India has been projected to maintain its status as the fastest-growing economy among the largest emerging market and developing nations in terms of both aggregate and per capita GDP, according to the World Bank. The bank has retained its growth forecast for India at 6.3% for the fiscal year 2024.
In its report titled “Global Economic Prospects,” the global development bank highlighted the resilience of private consumption, investment, and the services sector in India as key factors supporting growth in 2023. It predicts a slight pickup in growth until fiscal year 2026, with inflation moving back toward the midpoint of the tolerance range and reforms yielding positive results.
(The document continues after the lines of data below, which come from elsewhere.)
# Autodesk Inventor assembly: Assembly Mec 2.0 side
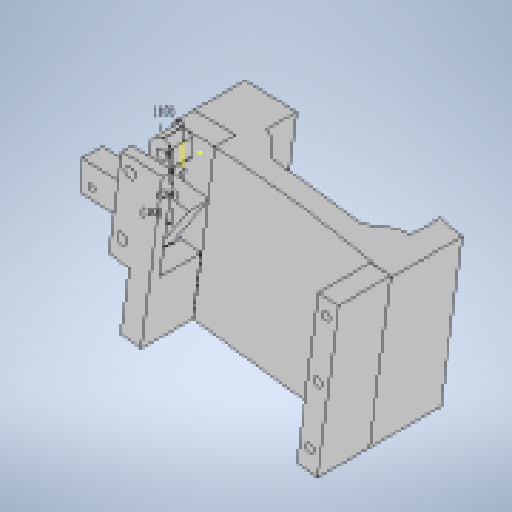
[picture p0: Inventor's stored thumbnail of the model, 512x512]
Saved by Autodesk Inventor 2025 (Build 290162000, 162)
## iProperties
Created: 2025-11-13
Part Number: Assembly Mec 2.0 side
Document SubType Name: Assembly
Designer: ruven
Author: ruven
## Documents named in this file (7)
- C:\Users\ruven\OneDrive\Dokumente\Uni\MCI\Semester 3\student project\Assembly Mec 2.0 side.iam
- C:\Users\ruven\OneDrive\Dokumente\Uni\MCI\Semester 3\student project\ReleaseMec2.0TopPlate.ipt
- C:\Users\ruven\OneDrive\Dokumente\Uni\MCI\Semester 3\student project\ReleaseMec2.0SideWall.ipt
- C:\Users\ruven\OneDrive\Dokumente\Uni\MCI\Semester 3\student project\ReleaseMec2.0SideMec.ipt
- C:\Users\ruven\OneDrive\Dokumente\Uni\MCI\Semester 3\student project\HoldingPin.ipt
- C:\Users\ruven\OneDrive\Dokumente\Uni\MCI\Semester 3\student project\ReleasePin.ipt
- C:\Users\ruven\OneDrive\Dokumente\Uni\MCI\Semester 3\student project\HoldingTri.ipt
## Components (6 placed, 6 different names)
1. ReleaseMec2.0TopPlate:1 — Mate:1, Mate:2, Mate:3, Mate:4, Mate:5, Mate:6
2. ReleaseMec2.0SideWall:1 — Mate:1, Mate:2, Mate:3
3. ReleaseMec2.0SideMec:1 — Mate:4, Mate:5, Mate:6, Mate:7, Mate:8, Mate:11, Mate:12, Mate:13, Mate:14
4. HoldingPin:1 — Mate:7, Mate:8
5. ReleasePin:1 — Mate:11, Mate:12
6. HoldingTri:1 — Mate:13, Mate:14
## Relationships (12: Mate 12)
- Mate:1: ReleaseMec2.0TopPlate:1 ↔ ReleaseMec2.0SideWall:1
- Mate:2: ReleaseMec2.0TopPlate:1 ↔ ReleaseMec2.0SideWall:1
- Mate:3: ReleaseMec2.0TopPlate:1 ↔ ReleaseMec2.0SideWall:1
- Mate:4: ReleaseMec2.0TopPlate:1 ↔ ReleaseMec2.0SideMec:1
- Mate:5: ReleaseMec2.0TopPlate:1 ↔ ReleaseMec2.0SideMec:1
- Mate:6: ReleaseMec2.0TopPlate:1 ↔ ReleaseMec2.0SideMec:1
- Mate:7: ReleaseMec2.0SideMec:1 ↔ HoldingPin:1
- Mate:8: ReleaseMec2.0SideMec:1 ↔ HoldingPin:1
- Mate:11: ReleaseMec2.0SideMec:1 ↔ ReleasePin:1
- Mate:12: ReleaseMec2.0SideMec:1 ↔ ReleasePin:1
- Mate:13: ReleaseMec2.0SideMec:1 ↔ HoldingTri:1
- Mate:14: ReleaseMec2.0SideMec:1 ↔ HoldingTri:1

The World Bank acknowledged that private consumption in India was lower in early 2023 due to increased borrowing costs and higher prices, but manufacturing rebounded and investment growth remained strong, supported by increased government capital expenditure and rising corporate profits. Unemployment also decreased to 6.8% in Q1 2023, the lowest level since the start of the Covid-19 pandemic, while labor force participation witnessed a surge. The report noted that India’s consumer price inflation returned within the central bank’s tolerance band of 2-6%.
Recent data from the National Statistical Office showed higher-than-expected GDP growth of 6.1% in the March quarter and 7.2% for FY23. This positive data, along with optimistic indicators from high-frequency indicators, led analysts to revise their GDP growth projections for FY24 upward. SBI raised its forecast to 6.7% from 6.2%, while JP Morgan increased its projection to 5.5% from the previous 5%.
On a global scale, the World Bank expects a significant drop in global economic growth to 2.1% in 2023, following monetary policy tightening to curb inflation. However, a modest recovery to 2.4% is anticipated in 2024. The report emphasizes that global growth could be weaker than expected if there is widespread stress in the banking sector or if persistent inflation pressures lead to tighter-than-expected monetary policies.